We have no Apostolic gift, but we too have obtained mercy to be faithful, and venture
to express the opinion that follows, fully recognizing that for this we have no
"commandment". With this understanding the reader is invited to ponder what is "my
judgment" of a most wonderful subject, reserving the right to reject it or to modify it as
light is given. Let us turn to the opening chapters of Genesis. The last verse of Gen. 2:
says of Adam and his wife, that they were both naked but "not ashamed". No one so
created by God and innocent of sin would have any sense of shame, this could only come
as an accompaniment of guilt, and is written to prepare us for what follows in Gen. 3:
The word "naked" is the translation of the Hebrew word arom, and the word "subtil"
which immediately follows in Gen. 3: 1 is the Hebrew arum. The first meaning that
Gesenius gives to arum is "to be naked", the second meaning "to be crafty". The reader
should know that the only way of distinguishing the vowel "o" from the vowel "u" in the
Hebrew is the position of a dot like a full-stop. If it be half-way up the sign for vav, the
vowel is pronounced "u", if it stands at the top of the vav it is pronounced "o". Mark, it
is a matter of pronunciation, not meaning that is here intended. Shorn of the vowel
points, that were added later, the words "naked" of Gen. 2: 25 and "subtil" of 3: 1 are
identical. It is not possible to know this, or to read the original Hebrew without
immediately making a mental connexion between the two verses. Now whatever the
actual transgression of Adam and his wife may have been, and however we interpret the
"tree of knowledge of good and evil", one thing stands out prominent in the record, the
immediate consequence was a sense of shame, not so much a sense of guilt, but a sense
of shame connected with their nakedness.
"And the eyes of them both were opened, and they knew that they were naked: and
they sewed fig leaves together, and made themselves aprons."
When challenged by the Lord, Adam's immediate reply was: "I was afraid, because I
was naked; and I hid myself" (Gen. 3: 7 and 10).
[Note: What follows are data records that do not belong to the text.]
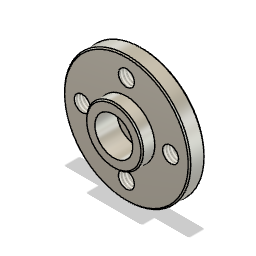
GooGoo (Autodesk Fusion 360 archive; units mm, degrees)
design "Servo Disc"
Autodesk Fusion 360 part; units mm, degrees
note: some values were not read from the file. Set by a fixed rule: which face or edge a step refers to.
sketch "Sketch1" plane through (0, 0, 0) normal (0, 0, 1) x (1, 0, 0)
  circle A0 centre (0, 0) radius 10
  dimension "d1" = 20
  constraint coincident A0.centre origin
  measures "d1" diameter of A0
extrude "Extrude1" add sketch "Sketch1" along normal blind 2.5
sketch "Sketch2" plane through (0, 0, 2.5) normal (0, 0, 1) x (1, 0, 0)
  circle A0 centre (0, 0) radius 10
  circle A1 centre (0, 0) radius 4.5
  dimension "d4" = 9
  constraint concentric A0 A1
  measures "d4" diameter of A1
extrude "Extrude2" add sketch "Sketch2" along normal blind 2 contours A1
sketch "Sketch3" plane through (0, 0, 2.5) normal (0, 0, 1) x (1, 0, 0)
  circle A0 centre (0, 0) radius 4.5
  circle A1 centre (0, 0) radius 10
  line L0 (0, 0) -> (0, 7)
  point P0 (0, 7)
  dimension "d8" = 7
  constraint coincident A0.centre A1.centre
  constraint vertical L0
  constraint coincident P0 L0.end
  measures "d8" distance of A0.centre P0
hole "Hole1" at (0, 7, 2.5) direction (0, 0, -1) diameter 2.529 depth 9 tip angle 118
thread "Thread1" "ISO Metric profile 3.0 M3x0.5 6H"
pattern_circular "C-Pattern1" count 4 over 360 about axis through (0, 0, 0) along (0, 0, 1) of "Hole1"
sketch "Sketch4" plane through (0, 0, 4.5) normal (0, 0, 1) x (1, 0, 0)
  circle A0 centre (0, 0) radius 3
  circle A1 centre (0, 0) radius 4.5
  dimension "d14" = 6
  measures "d14" diameter of A0
extrude "Extrude3" cut sketch "Sketch4" against normal blind 3.5 contours A0
sketch "Sketch5" plane through (0, 0, 1) normal (0, 0, 1) x (1, 0, 0)
  circle A0 centre (0, 0) radius 3
  circle A1 centre (0, 0) radius 1.5
  dimension "d17" = 3
  constraint coincident A0.centre A1.centre
  measures "d17" diameter of A1
extrude "Extrude4" cut sketch "Sketch5" against normal blind 3 contours A1
chamfer "Chamfer1" distance 0.2 angle 45 4 edges at (-4.1955, -1.6273, 4.5) (-9.3233, -3.6162, 2.5) (-9.3233, -3.6162, 0) (-1.3985, -0.5424, 0)

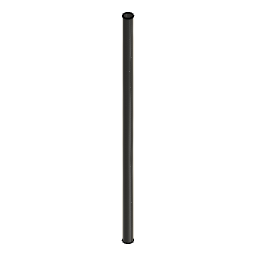
design "20x18x500CR"
Autodesk Fusion 360 part; units mm, degrees
sketch "Sketch1" plane through (0, 0, 0) normal (0, 0, 1) x (1, 0, 0)
  circle A0 centre (0, 0) radius 10
  circle A1 centre (0, 0) radius 9
  dimension "d1" = 20
  dimension "d2" = 18
  constraint coincident A0.centre A1.centre
  measures "d1" diameter of A0
  measures "d2" diameter of A1
extrude "Extrude1" add sketch "Sketch1" along normal blind 500

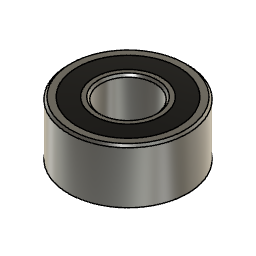
design "5x11x5mmBearing"
Autodesk Fusion 360 part; units mm, degrees
sketch "Sketch1" plane through (0, 0, 0) normal (0, 0, 1) x (1, 0, 0)
  circle A0 centre (0, 0) radius 2.5
  circle A1 centre (0, 0) radius 3.1
  circle A2 centre (0, 0) radius 5.5
  circle A3 centre (0, 0) radius 4.7
  dimension "d1" = 5
  dimension "d2" = 0.6
  dimension "d3" = 11
  dimension "d4" = -0.8
  constraint coincident A0.centre A1.centre
  measures "d1" diameter of A0
  measures "d3" diameter of A2
extrude "Extrude1" add sketch "Sketch1" along normal blind 5 makes body 1 at (5.4932, -0.2742, 3.3333) makes body 2 at (3.0961, -0.1545, 3.3333)
extrude "Extrude2" add sketch "Sketch1" along normal blind 5 separate body contours A3 makes body 3
chamfer "Chamfer1" distance 0.2 angle 45 2 edges at (-5.1278, -1.9889, 5) (-2.3308, 0.904, 5) on bodies 1 2

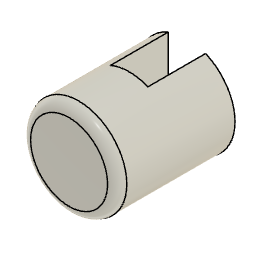
design "PegCR"
Autodesk Fusion 360 part; units mm, degrees
sketch "Sketch1" plane through (0, 0, 0) normal (0, 1, 0) x (1, 0, 0)
  circle A0 centre (0, 0) radius 4
  line L0 (1.55, -6.2) -> (-1.55, -6.2)
  line L1 (-1.55, -6.2) -> (-1.55, 6.2)
  line L2 (-1.55, 6.2) -> (1.55, 6.2)
  line L3 (1.55, 6.2) -> (1.55, -6.2)
  line L4 (1.55, -6.2) -> (-1.55, 6.2) construction
  line L5 (-1.55, -6.2) -> (1.55, 6.2) construction
  dimension "d1" = 8
  dimension "d2" = 3.1
  constraint coincident A0.centre origin
  constraint horizontal L0
  constraint perpendicular L0 L1
  constraint parallel L0 L2
  constraint parallel L1 L3
  constraint coincident L4 A0.centre
  constraint coincident L5 A0.centre
  measures "d1" diameter of A0
  measures "d2" distance of L1.end L2.end
extrude "Extrude1" add sketch "Sketch1" against normal blind 5 contours A0 L3 | A0 L1 L3 | A0 L1
extrude "Extrude2" add sketch "Sketch1" along normal blind 4.8 contours A0 L3 | A0 L1
fillet "Fillet1" radius 0.8 1 edges at (-3.7293, -5, -1.4465)

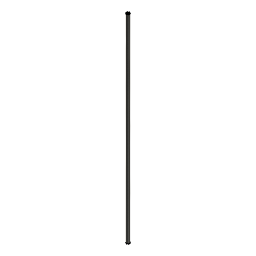
design "8x4x500CR"
Autodesk Fusion 360 part; units mm, degrees
sketch "Sketch1" plane through (0, 0, 0) normal (0, 0, 1) x (1, 0, 0)
  circle A0 centre (0, 0) radius 4
  circle A1 centre (0, 0) radius 2
  dimension "d1" = 8
  dimension "d2" = 4
  constraint coincident A0.centre A1.centre
  measures "d1" diameter of A0
  measures "d2" diameter of A1
extrude "Extrude1" add sketch "Sketch1" along normal blind 500

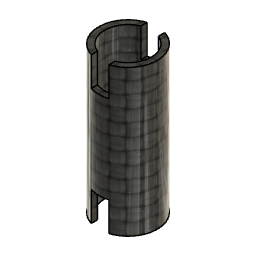
design "10x8x25CR"
Autodesk Fusion 360 part; units mm, degrees
sketch "Sketch1" plane through (0, 0, 0) normal (0, 0, 1) x (1, 0, 0)
  circle A0 centre (0, 0) radius 5
  circle A1 centre (0, 0) radius 4
  line L0 (1.5, 6) -> (-1.5, 6)
  line L1 (-1.5, 6) -> (-1.5, -6)
  line L2 (-1.5, -6) -> (1.5, -6)
  line L3 (1.5, -6) -> (1.5, 6)
  line L4 (1.5, 6) -> (-1.5, -6) construction
  line L5 (-1.5, 6) -> (1.5, -6) construction
  dimension "d1" = 10
  dimension "d2" = 8
  dimension "d3" = 3
  dimension "d4" = 12
  constraint coincident A0.centre A1.centre
  constraint horizontal L0
  constraint perpendicular L0 L1
  constraint parallel L0 L2
  constraint parallel L1 L3
  constraint coincident L4 A0.centre
  constraint coincident L5 A0.centre
  measures "d1" diameter of A0
  measures "d2" diameter of A1
  measures "d3" distance of L1.end L2.end
  measures "d4" distance of L0.end L1.end
extrude "Extrude1" add sketch "Sketch1" along normal blind 25 contours A0 A1 L3 | A0 A1 L1 L3 | A0 A1 L1 L3 | A0 A1 L1
sketch "Sketch2" plane through (0, 0, 25) normal (0, 0, 1) x (-1, 0, 0)
  circle A0 centre (0, 0) radius 4
  circle A1 centre (0, 0) radius 5
  line L0 (-1.5, -6) -> (1.5, -6)
  line L1 (1.5, -6) -> (1.5, 6)
  line L2 (1.5, 6) -> (-1.5, 6)
  line L3 (-1.5, 6) -> (-1.5, -6)
  line L4 (-1.5, -6) -> (1.5, 6) construction
  line L5 (1.5, -6) -> (-1.5, 6) construction
  dimension "d7" = 3
  dimension "d8" = 12
  constraint horizontal L0
  constraint perpendicular L0 L1
  constraint parallel L0 L2
  constraint parallel L1 L3
  constraint coincident L4 A0.centre
  constraint coincident L5 A0.centre
  constraint coincident A0.centre A1.centre
  measures "d7" distance of L1.end L2.end
  measures "d8" distance of L0.end L1.end
extrude "Extrude2" cut sketch "Sketch2" against normal blind 5 contours A0 A1 L1 L3 | A0 A1 L1 L3
extrude "Extrude3" cut sketch "Sketch1" along normal blind 5 contours A0 A1 L1 L3 | A0 A1 L1 L3

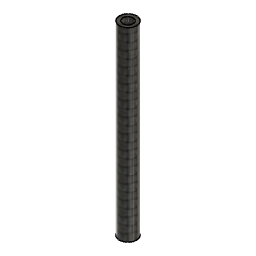
design "5x3x54CR"
Autodesk Fusion 360 part; units mm, degrees
sketch "Sketch1" plane through (0, 0, 0) normal (0, 0, 1) x (1, 0, 0)
  circle A0 centre (0, 0) radius 2.5
  circle A1 centre (0, 0) radius 1.5
  dimension "d1" = 5
  dimension "d2" = 3
  constraint coincident A0.centre A1.centre
  constraint concentric A0 A1
  measures "d1" diameter of A0
  measures "d2" diameter of A1
extrude "Extrude1" add sketch "Sketch1" along normal blind 54

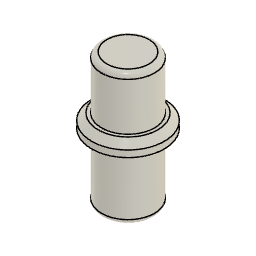
design "BearingCoupler"
Autodesk Fusion 360 part; units mm, degrees
sketch "Sketch1" plane through (0, 0, 0) normal (0, 0, 1) x (1, 0, 0)
  circle A0 centre (0, 0) radius 4
  circle A1 centre (0, 0) radius 5.5
  dimension "d1" = 8
  dimension "d13" = 11
  constraint coincident A0.centre A1.centre
  measures "d1" diameter of A0
  measures "d13" diameter of A1
extrude "Extrude1" add sketch "Sketch1" along normal blind 8 contours A0 makes body 1
extrude "Extrude2" add sketch "Sketch1" against normal blind 2 separate body makes body 2
extrude "Extrude3" add sketch "Sketch1" against normal blind 12 contours A0 bodies 1 2
fillet "Fillet1" radius 0.8 2 edges at (-3.7293, 1.4465, -12) (-3.7293, -1.4465, 8) on bodies 1
chamfer "Chamfer1" distance 1 angle 45 1 edges at (-5.1278, -1.9889, 0) on bodies 1

design "PropStructMount2"
Autodesk Fusion 360 part; units mm, degrees
sketch "Sketch1" plane through (0, 0, 0) normal (0, 1, 0) x (1, 0, 0)
  line L0 (0, 0) -> (-48, 0) construction
  line L1 (-48, 0) -> (-48, -15) construction
  line L2 (-48, -15) -> (-80, -15) construction
  line L3 (0, 0) -> (0, -70) construction
  circle A0 centre (0, -70) radius 10
  circle A1 centre (-80, -15) radius 4
  circle A2 centre (0, -70) radius 14
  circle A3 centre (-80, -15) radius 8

When the doom was pronounced upon
the man and his wife, a most unexpected turn is taken. Instead of receiving the death
sentence, as Gen. 2: 17 would lead us to expect, child birth is referred to. First in the
form of a prophetic promise:
"I will put enmity between thee and the woman, and between thy seed and her seed: it
shall bruise thy head, and thou shalt bruise his heel."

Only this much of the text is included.